I kind of drug my feet when I had the chance to purchase it, but have never been sorry that I decided to go ahead and get it.

Dave


----------



## preeber (Nov 25, 2017)

idahoan, that is a great looking Roll-in, how do you keep the table so shinny, mine goes dull one day after cleaning. Also, any data you can provide on those vises would be great, the ones Roll-In sells are very expensive and I'm looking for an alternative.


----------



## idahoan (Nov 26, 2017)

I cleaned up the table with some Scotch-Brite on an orbital sander. My shop is heated and we don't have very much humidity in Boise, I just wipe it with an oily rag and it stays in pretty good shape.

As you can see I copied the vise design from the one on my Ellis saw. I picked up the Heinrich fixture locks used, at reasonable cost from a local used machinery dealer. eBay might be a good place to look; they are close to $100 new. I made all the rest and probably still have the CAD files if that would help. The two piece fence is bolted to the back edge of the table and is easy to remove if more space is needed. 
I originally only made one clamp but quickly decided how much more useful two of them would be, so I made the second one. I can get a 6" wide piece in the saw using the front set of holes, any wider and the clamps are easily moved to the rear set of holes.

The saw works so well I haven't used the Ellis horizontal in years; if I did more fabrication that may be a different story.
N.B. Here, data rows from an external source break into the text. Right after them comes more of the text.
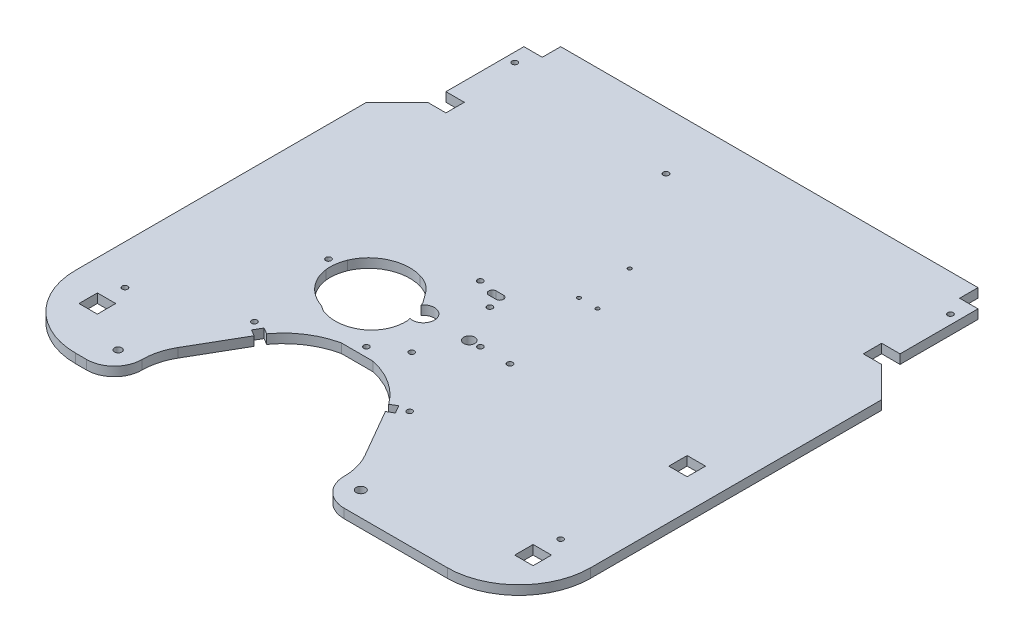
SolidWorks part; units mm, degrees
material "ABS PC"
ref_plane "Plan de face" through (0, 0, 0) normal (0, 0, 1) x (1, 0, 0)
ref_plane "Plan de dessus" through (0, 0, 0) normal (0, 1, 0) x (1, 0, 0)
ref_plane "Plan de droite" through (0, 0, 0) normal (1, 0, 0) x (0, 0, -1)
sketch "Esquisse1" plane through (0, 0, 0) normal (0, 1, 0) x (1, 0, 0)
  line L1 (-140.1, 31.2) -> (140.1, 31.2)
  line L2 (-140.1, 31.2) -> (-140.1, -245.0829)
  line L3 (-140.1, -245.0829) -> (140.1, -245.0829)
  line L4 (140.1, 31.2) -> (140.1, -245.0829)
  line L5 (45, -245.0829) -> (50, -245.0829) construction
  line L6 (-114.5, 31.2) -> (114.5, 31.2) construction
  line L7 (140.1, -4) -> (140.1, 4) construction
  line L8 (-140.1, 4) -> (-140.1, -4) construction
extrude "Boss.-Extru.1" add sketch "Esquisse1" along normal blind 5
sketch "Esquisse2" plane through (0, 0, 0) normal (0, 1, 0) x (1, 0, 0)
  line L3 (-58.1815, -184) -> (-61.6457, -182)
  line L4 (-61.6457, -182) -> (-64.1457, -186.3301)
  line L5 (-64.1457, -186.3301) -> (-60.6815, -188.3301)
  line L7 (-25, -132) -> (-25, -245.0829) construction
  line L8 (-58.1815, -184) -> (-60.6815, -188.3301) construction
  line L9 (-62.6323, -132) -> (62.6323, -132) construction
  line L10 (-25, -62.6323) -> (-25, 62.6323) construction
  line L11 (-60.6815, -188.3301) -> (-75.8539, -214.6094)
  line L13 (-58.1815, -184) -> (-54.7174, -186) construction
  line L14 (-25, -168.25) -> (-25, -231.25) construction
  line L16 (140.1, -245.0829) -> (-140.1, -245.0829) construction
  line L17 (-140.1, -245.0829) -> (140.1, -245.0829) construction
  line L18 (8.1815, -184) -> (4.7174, -186) construction
  line L20 (8.1815, -184) -> (10.6815, -188.3301) construction
  line L21 (10.6815, -188.3301) -> (25.8539, -214.6094)
  line L22 (14.1457, -186.3301) -> (10.6815, -188.3301)
  line L23 (11.6457, -182) -> (14.1457, -186.3301)
  line L24 (8.1815, -184) -> (11.6457, -182)
  line L25 (-62.8957, -184.1651) -> (-67.2258, -181.6651) construction
  line L26 (-95, -245.0829) -> (45, -245.0829)
  arc A0 (-95, -245.0829) -> (-86.2863, -217.8734) centre (-95, -230.0829) ccw construction
  arc A1 (8.1815, -184) -> (-58.1815, -184) centre (-25, -208.0829) ccw
  arc A2 (-95, -245.0829) -> (-80, -230.0829) centre (-95, -230.0829) ccw
  arc A4 (-80, -230.0829) -> (-75.8539, -214.6094) centre (-49.0531, -230.0829) cw
  arc A5 (30, -230.0829) -> (25.8539, -214.6094) centre (-0.9469, -230.0829) ccw
  arc A6 (45, -245.0829) -> (30, -230.0829) centre (45, -230.0829) cw
  circle A8 centre (-67.2258, -181.6651) radius 1.5
  circle A10 centre (17.2258, -181.6651) radius 1.5
  dimension "D4" = 41
  dimension "D8" = 5
  dimension "D9" = 3
  dimension "D1" = 4
  dimension "D2" = 52
  dimension "D3" = 37
  dimension "D5" = 90
  dimension "D6" = 5
  dimension "D7" = 30
extrude "Enlèv. mat.-Extru.2" cut sketch "Esquisse2" along normal through all
sketch "Esquisse3" plane through (0, 5, 0) normal (0, 1, 0) x (1, 0, 0)
  line L0 (-30.2198, -127.0596) -> (-26.1089, -139.1328)
  spline S0 degree 3 poles (-37.7914, -122.1402) (-38.0734, -121.8243) (-38.3657, -121.5165) (-38.9965, -120.9381) (-39.3221, -120.6716) (-39.9982, -120.1678) (-40.3476, -119.9323) (-41.0674, -119.4915) (-41.4393, -119.2855) (-41.8168, -119.0963) knots 0 0 0 0 0.25 0.25 0.5 0.5 0.75 0.75 1 1 1 1 construction
  spline S1 degree 3 poles (-32.1541, -129.7487) (-32.3725, -129.4202) (-32.6019, -129.0988) (-33.0628, -128.4574) (-33.2929, -128.1364) (-33.9829, -127.1734) (-34.442, -126.5306) (-35.3645, -125.2486) (-35.8282, -124.6096) (-36.7788, -123.3501) (-37.2654, -122.7294) (-37.7914, -122.1402) knots 0 0 0 0 0.125 0.125 0.25 0.25 0.5 0.5 0.75 0.75 1 1 1 1 construction
  spline S2 degree 3 poles (-35.6619, -154.1946) (-35.0242, -153.7971) (-34.4156, -153.3543) (-33.5487, -152.619) (-33.2665, -152.3609) (-32.7231, -151.8244) (-32.4631, -151.5476) (-31.717, -150.6924) (-31.2669, -150.0877) (-30.6603, -149.1305) (-30.4697, -148.8029) (-30.1129, -148.13) (-29.9465, -147.7839) (-29.4899, -146.7378) (-29.243, -146.0234) (-28.8562, -144.563) (-28.7157, -143.8147) (-28.4532, -141.5381) (-28.491, -140.0256) (-28.7111, -138.5175) knots 0 0 0 0 0.125 0.125 0.1875 0.1875 0.25 0.25 0.375 0.375 0.4375 0.4375 0.5 0.5 0.625 0.625 0.75 0.75 1 1 1 1 construction
  spline S3 degree 3 poles (-35.6619, -154.1946) (-36.3253, -154.608) (-37.0218, -154.968) (-38.4509, -155.5833) (-39.1871, -155.8402) (-40.6929, -156.2533) (-41.4552, -156.4075) (-42.998, -156.615) (-43.7804, -156.6676) (-46.0993, -156.6733) (-47.6259, -156.4799) (-49.5088, -155.9804) (-49.8836, -155.8673) (-50.622, -155.6166) (-50.9867, -155.4786) (-51.7066, -155.1765) (-52.0616, -155.0123) (-52.5826, -154.748) (-52.7564, -154.66) (-53.0886, -154.4564) (-53.2465, -154.3401) (-53.4028, -154.2206) knots 0 0 0 0 0.125 0.125 0.25 0.25 0.375 0.375 0.5 0.5 0.75 0.75 0.8125 0.8125 0.875 0.875 0.9375 0.9375 0.96875 0.96875 1 1 1 1 construction
  spline S4 degree 3 poles (-41.8168, -119.0963) (-42.9717, -118.5173) (-44.1778, -118.0898) (-46.0518, -117.6406) (-46.691, -117.5235) (-47.9689, -117.3572) (-48.6085, -117.3074) (-49.8889, -117.2725) (-50.5296, -117.2869) (-51.8124, -117.3808) (-52.4575, -117.4608) (-54.3583, -117.7944) (-55.5875, -118.1406) (-57.3737, -118.8468) (-57.9613, -119.1147) (-59.1074, -119.714) (-59.6598, -120.0407) (-61.253, -121.1053) (-62.2339, -121.9217) (-63.3433, -123.0959) (-63.5595, -123.3389) (-63.9727, -123.8343) (-64.1705, -124.0875) (-64.7392, -124.8624) (-65.0859, -125.3992) (-65.725, -126.5066) (-66.0166, -127.0778) (-66.4118, -127.9607) (-66.5364, -128.2602) (-66.7677, -128.8619) (-66.8752, -129.1647) (-67.3727, -130.6881) (-67.6417, -131.9376) (-67.7975, -133.5423) (-67.8198, -133.8663) (-67.8456, -134.511) (-67.8492, -134.8322) (-67.832, -135.7928) (-67.7828, -136.429) (-67.6138, -137.6932) (-67.494, -138.3213) (-67.1803, -139.5691) (-66.9857, -140.1898) (-66.3106, -141.9951) (-65.7352, -143.1386) (-64.7029, -144.7728) (-64.3296, -145.3033) (-63.5406, -146.3156) (-63.1238, -146.8009) (-62.2475, -147.7313) (-61.7884, -148.177) (-60.8134, -149.015) (-60.2997, -149.4102) (-59.6532, -149.8941) (-59.524, -149.9912) (-59.2621, -150.18) (-59.1281, -150.2696) (-58.7233, -150.5349) (-58.4482, -150.704) (-57.6091, -151.1904) (-57.0301, -151.4842) (-56.1848, -151.9623) (-55.907, -152.1283) (-55.4954, -152.386) (-55.361, -152.4765) (-55.1045, -152.6783) (-54.9822, -152.7884) (-54.7446, -153.015) (-54.6281, -153.1308) (-54.3929, -153.36) (-54.2744, -153.4736) (-53.9142, -153.8089) (-53.6638, -154.0209) (-53.4028, -154.2206) knots 0 0 0 0 0.0625 0.0625 0.09375 0.09375 0.125 0.125 0.15625 0.15625 0.1875 0.1875 0.25 0.25 0.28125 0.28125 0.3125 0.3125 0.375 0.375 0.390625 0.390625 0.40625 0.40625 0.4375 0.4375 0.46875 0.46875 0.484375 0.484375 0.5 0.5 0.5625 0.5625 0.578125 0.578125 0.59375 0.59375 0.625 0.625 0.65625 0.65625 0.6875 0.6875 0.75 0.75 0.78125 0.78125 0.8125 0.8125 0.84375 0.84375 0.875 0.875 0.882813 0.882813 0.890625 0.890625 0.90625 0.90625 0.9375 0.9375 0.953125 0.953125 0.960938 0.960938 0.96875 0.96875 0.976563 0.976563 0.984375 0.984375 1 1 1 1 construction
  spline S30 degree 3 poles (-26.1089, -139.1328) (-25.957, -141.5638) (-26.2233, -144.068) (-26.9566, -146.3908) knots 0 0 0 0 1 1 1 1
  spline S31 degree 3 poles (-26.9566, -146.3908) (-27.2228, -147.2342) (-27.8831, -148.8893) (-29.2029, -151.171) (-30.8763, -153.2749) (-32.1537, -154.4712) (-32.834, -155.0244) knots 0 0 0 0 0.25 0.5 0.75 1 1 1 1
  spline S32 degree 3 poles (-32.834, -155.0244) (-34.0816, -156.0391) (-36.8741, -157.7375) (-39.9456, -158.6891) (-41.5144, -158.9883) knots 0 0 0 0 0.5 1 1 1 1
  spline S33 degree 3 poles (-41.5144, -158.9883) (-44.1178, -159.4848) (-46.8613, -159.4832) (-49.4654, -158.9908) knots 0 0 0 0 1 1 1 1
  spline S34 degree 3 poles (-49.4654, -158.9908) (-49.952, -158.8988) (-50.9201, -158.6805) (-51.9843, -158.3611) (-52.6895, -158.1153) (-53.0279, -157.9903) (-53.4112, -157.8436) (-53.8185, -157.6386) (-54.1411, -157.4539) (-54.4726, -157.2537) (-54.8017, -157.0368) (-54.9983, -156.9002) (-55.0989, -156.8301) knots 0 0 0 0 0.25 0.5 0.5625 0.625 0.6875 0.75 0.8125 0.875 0.9375 1 1 1 1
  spline S35 degree 3 poles (-55.0989, -156.8301) (-55.3218, -156.6748) (-55.8004, -156.3308) (-56.3372, -156.039) (-57.1153, -155.7047) (-58.1073, -155.2831) (-59.4212, -154.7248) (-60.6952, -154.0815) (-61.7162, -153.4751) (-62.6513, -152.8651) (-64.3061, -151.7169) (-66.4424, -149.811) (-68.6708, -147.1371) (-71.0288, -143.199) (-72.0496, -139.8117) (-72.3207, -137.531) knots 0 0 0 0 0.03125 0.0625 0.09375 0.125 0.1875 0.25 0.28125 0.3125 0.375 0.5 0.625 0.75 1 1 1 1
  spline S36 degree 3 poles (-72.3207, -137.531) (-72.524, -135.8208) (-72.4832, -132.3293) (-71.5647, -128.9796) (-70.9127, -127.3896) knots 0 0 0 0 0.5 1 1 1 1
  spline S37 degree 3 poles (-70.9127, -127.3896) (-70.401, -126.1419) (-69.1411, -123.7476) (-66.5657, -120.5334) (-63.4815, -117.9312) (-59.9208, -115.9009) (-56.1194, -114.5638) (-52.0895, -113.8994) (-48.0382, -113.9466) (-45.3685, -114.4522) (-44.0724, -114.8246) knots 0 0 0 0 0.125 0.25 0.375 0.5 0.625 0.75 0.875 1 1 1 1
  spline S38 degree 3 poles (-44.0724, -114.8246) (-43.1335, -115.0943) (-41.3015, -115.7539) (-39.094, -116.9388) (-37.4723, -118.0859) (-36.3006, -119.1013) (-35.2972, -120.193) (-34.6853, -120.94) (-34.3845, -121.3211) knots 0 0 0 0 0.25 0.5 0.625 0.75 0.875 1 1 1 1
  spline S39 degree 3 poles (-34.3845, -121.3211) (-33.6538, -122.2469) (-32.5988, -123.6857) (-31.2416, -125.568) (-30.5443, -126.5566) (-30.2198, -127.0596) knots 0 0 0 0 0.5 0.75 1 1 1 1
  spline S40 degree 3 poles (-544.0684, -2053.4709) (-13.3203, -329.9447) (2.5957, -129.3013) (-46.0518, -117.6406) (-46.691, -117.5235) (-47.9689, -117.3572) (-48.6085, -117.3074) (-49.8889, -117.2725) (-50.5296, -117.2869) (-51.8124, -117.3808) (-52.4575, -117.4608) (-54.3583, -117.7944) (-55.5875, -118.1406) (-57.3737, -118.8468) (-57.9613, -119.1147) (-59.1074, -119.714) (-59.6598, -120.0407) (-61.253, -121.1053) (-62.2339, -121.9217) (-63.3433, -123.0959) (-63.5595, -123.3389) (-63.9727, -123.8343) (-64.1705, -124.0875) (-64.7392, -124.8624) (-65.0859, -125.3992) (-65.725, -126.5066) (-66.0166, -127.0778) (-66.4118, -127.9607) (-66.5364, -128.2602) (-66.7677, -128.8619) (-66.8752, -129.1647) (-67.3727, -130.6881) (-67.6417, -131.9376) (-67.7975, -133.5423) (-67.8198, -133.8663) (-67.8456, -134.511) (-67.8492, -134.8322) (-67.832, -135.7928) (-67.7828, -136.429) (-67.6138, -137.6932) (-67.494, -138.3213) (-67.1803, -139.5691) (-66.9857, -140.1898) (-66.3106, -141.9951) (-65.7352, -143.1386) (-64.7029, -144.7728) (-64.3296, -145.3033) (-63.5406, -146.3156) (-63.1238, -146.8009) (-62.2475, -147.7313) (-61.7884, -148.177) (-60.8134, -149.015) (-60.2997, -149.4102) (-59.6532, -149.8941) (-59.524, -149.9912) (-59.2621, -150.18) (-59.1281, -150.2696) (-58.7233, -150.5349) (-58.4482, -150.704) (-57.6091, -151.1904) (-57.0301, -151.4842) (-56.1848, -151.9623) (-55.907, -152.1283) (-55.4954, -152.386) (-55.361, -152.4765) (-55.1045, -152.6783) (-54.9822, -152.7884) (-54.7446, -153.015) (-54.6281, -153.1308) (-54.3929, -153.36) (-54.2744, -153.4736) (-26.8241, -179.0197) (131.7308, -54.8381) (1346.14, 1273.1767) knots -2.339844 -2.339844 -2.339844 -2.339844 0.0625 0.0625 0.09375 0.09375 0.125 0.125 0.15625 0.15625 0.1875 0.1875 0.25 0.25 0.28125 0.28125 0.3125 0.3125 0.375 0.375 0.390625 0.390625 0.40625 0.40625 0.4375 0.4375 0.46875 0.46875 0.484375 0.484375 0.5 0.5 0.5625 0.5625 0.578125 0.578125 0.59375 0.59375 0.625 0.625 0.65625 0.65625 0.6875 0.6875 0.75 0.75 0.78125 0.78125 0.8125 0.8125 0.84375 0.84375 0.875 0.875 0.882813 0.882813 0.890625 0.890625 0.90625 0.90625 0.9375 0.9375 0.953125 0.953125 0.960938 0.960938 0.96875 0.96875 0.976563 0.976563 0.984375 0.984375 2.762304 2.762304 2.762304 2.762304 only from (-41.8168, -119.0963) to (-53.4028, -154.2206)
  spline S41 degree 3 poles (-1939.2427, 445.2377) (-11.3915, 5.3531) (-2.0926, -139.9279) (-38.4509, -155.5833) (-39.1871, -155.8402) (-40.6929, -156.2533) (-41.4552, -156.4075) (-42.998, -156.615) (-43.7804, -156.6676) (-46.0993, -156.6733) (-47.6259, -156.4799) (-49.5088, -155.9804) (-49.8836, -155.8673) (-50.622, -155.6166) (-50.9867, -155.4786) (-51.7066, -155.1765) (-52.0616, -155.0123) (-52.5826, -154.748) (-52.7564, -154.66) (-62.008, -148.9921) (-46.7728, -99.7044) (-1052.7685, -1886.2862) knots -6.110057 -6.110057 -6.110057 -6.110057 0.125 0.125 0.25 0.25 0.375 0.375 0.5 0.5 0.75 0.75 0.8125 0.8125 0.875 0.875 0.9375 0.9375 0.96875 0.96875 2.678123 2.678123 2.678123 2.678123 only from (-35.6619, -154.1946) to (-53.4028, -154.2206)
  spline S42 degree 3 poles (805.3246, -1958.3687) (-625.9447, 427.7737) (-104.0787, -212.4384) (-33.5487, -152.619) (-33.2665, -152.3609) (-32.7231, -151.8244) (-32.4631, -151.5476) (-31.717, -150.6924) (-31.2669, -150.0877) (-30.6603, -149.1305) (-30.4697, -148.8029) (-30.1129, -148.13) (-29.9465, -147.7839) (-29.4899, -146.7378) (-29.243, -146.0234) (-28.8562, -144.563) (-28.7157, -143.8147) (-20.1781, -69.7717) (-507.9815, -8.4894) (1948.7508, 124.0064) knots -15.067184 -15.067184 -15.067184 -15.067184 0.125 0.125 0.1875 0.1875 0.25 0.25 0.375 0.375 0.4375 0.4375 0.5 0.5 0.625 0.625 0.75 0.75 12.82174 12.82174 12.82174 12.82174 only from (-35.6619, -154.1946) to (-28.7111, -138.5175)
  spline S43 degree 3 poles (-1678.0425, -1265.3241) (-10.5484, -165.9011) (-20.1896, -146.3733) (-33.0628, -128.4574) (-33.2929, -128.1364) (-33.9829, -127.1734) (-34.442, -126.5306) (-35.3645, -125.2486) (-35.8282, -124.6096) (-54.2717, -100.1715) (-88.436, -89.3419) (-1650.9877, -1303.2795) knots -6.732601 -6.732601 -6.732601 -6.732601 0.125 0.125 0.25 0.25 0.5 0.5 0.75 0.75 10.201277 10.201277 10.201277 10.201277 only from (-32.1541, -129.7487) to (-37.7914, -122.1402)
  spline S44 degree 3 poles (1561.6634, 1077.8271) (-67.121, -199.6011) (-22.5068, -136.058) (-38.9965, -120.9381) (-39.3221, -120.6716) (-39.9982, -120.1678) (-40.3476, -119.9323) (-65.1031, -104.7717) (-144.7605, -156.1255) (1752.928, -999.5442) knots -12.570471 -12.570471 -12.570471 -12.570471 0.25 0.25 0.5 0.5 0.75 0.75 17.69557 17.69557 17.69557 17.69557 only from (-37.7914, -122.1402) to (-41.8168, -119.0963)
extrude "Enlèv. mat.-Extru.3" cut sketch "Esquisse3" against normal through all
sketch "Esquisse4" plane through (0, 5, 0) normal (0, 1, 0) x (1, 0, 0)
  circle A0 centre (19.9, -82.15) radius 1
  circle A1 centre (9.8, -82.15) radius 1
  circle A2 centre (9.8, -54.55) radius 1
  dimension "D1" = 2
extrude "Enlèv. mat.-Extru.4" cut sketch "Esquisse4" against normal through all
sketch "Esquisse5" plane through (0, 5, 0) normal (0, 1, 0) x (1, 0, 0)
  circle A0 centre (22.1224, -132) radius 1.5
  circle A1 centre (-10.0508, -153.25) radius 1.5
  circle A2 centre (-25, -163) radius 1.5
  circle A3 centre (-10.0508, -110.75) radius 1.5
  circle A4 centre (-25, -101) radius 1.5
  circle A5 centre (-76.6, -132) radius 1.5
  circle A6 centre (6, -132) radius 1.5 construction
  circle A7 centre (6, -132) radius 1.5
  circle A8 centre (0, -132) radius 3
  arc A9 (1.5616, -134.5616) -> (1.5616, -129.4384) centre (0, -132) ccw construction
  circle A10 centre (-10.0508, -110.75) radius 1.5 construction
  dimension "D1" = 3
extrude "Enlèv. mat.-Extru.5" cut sketch "Esquisse5" against normal through all
sketch "Esquisse6" plane through (0, 5, 0) normal (0, 1, 0) x (1, 0, 0)
  circle A0 centre (-25, -132) radius 6
  circle A1 centre (-25, -132) radius 5.4 construction
  dimension "D1" = 12
extrude "Enlèv. mat.-Extru.6" cut sketch "Esquisse6" against normal through all
sketch "Esquisse7" plane through (0, 5, 0) normal (0, 1, 0) x (1, 0, 0)
  line L1 (-16, -103.4) -> (-12, -103.4) construction
  line L2 (-16, -101.4) -> (-12, -101.4)
  line L3 (-16, -105.4) -> (-12, -105.4)
  arc A0 (-16, -101.4) -> (-16, -105.4) centre (-16, -103.4) ccw
  arc A6 (-12, -105.4) -> (-12, -101.4) centre (-12, -103.4) ccw
  arc A7 (-11.4091, -103.2958) -> (-12.5909, -103.2958) centre (-12, -103.4) ccw construction
  arc A9 (-15.4091, -103.2958) -> (-16.5909, -103.2958) centre (-16, -103.4) ccw construction
  point P2 (-14, -103.4)
  dimension "D1" = 4
extrude "Enlèv. mat.-Extru.7" cut sketch "Esquisse7" against normal through all
sketch "Esquisse8" plane through (0, 5, 0) normal (0, 1, 0) x (1, 0, 0)
  line L0 (140.1, -245.0829) -> (140.1, 31.2) construction
  line L1 (101.1, -245.0829) -> (140.1, -245.0829)
  line L2 (140.1, -245.0829) -> (140.1, -206.0829)
  line L3 (-140.1, -245.0829) -> (-140.1, -206.0829)
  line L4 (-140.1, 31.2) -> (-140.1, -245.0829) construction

I do mostly machine work, it is very handy to be able to walk up to the saw set the stop, clamp the work, start the cut and walk away. This also makes repetitive cuts easy, once set up you clamp the stock then move the left stop out of the way. because the right hand stop is still clamped tight all you need to do for the next parts is slide the left stop back over, lock it in place and slide the stock over for the next cut.

Dave


----------



## preeber (Nov 26, 2017)

idahoan,

I you could please send me the files that would great. My email address is [email protected]. 

Thanks


----------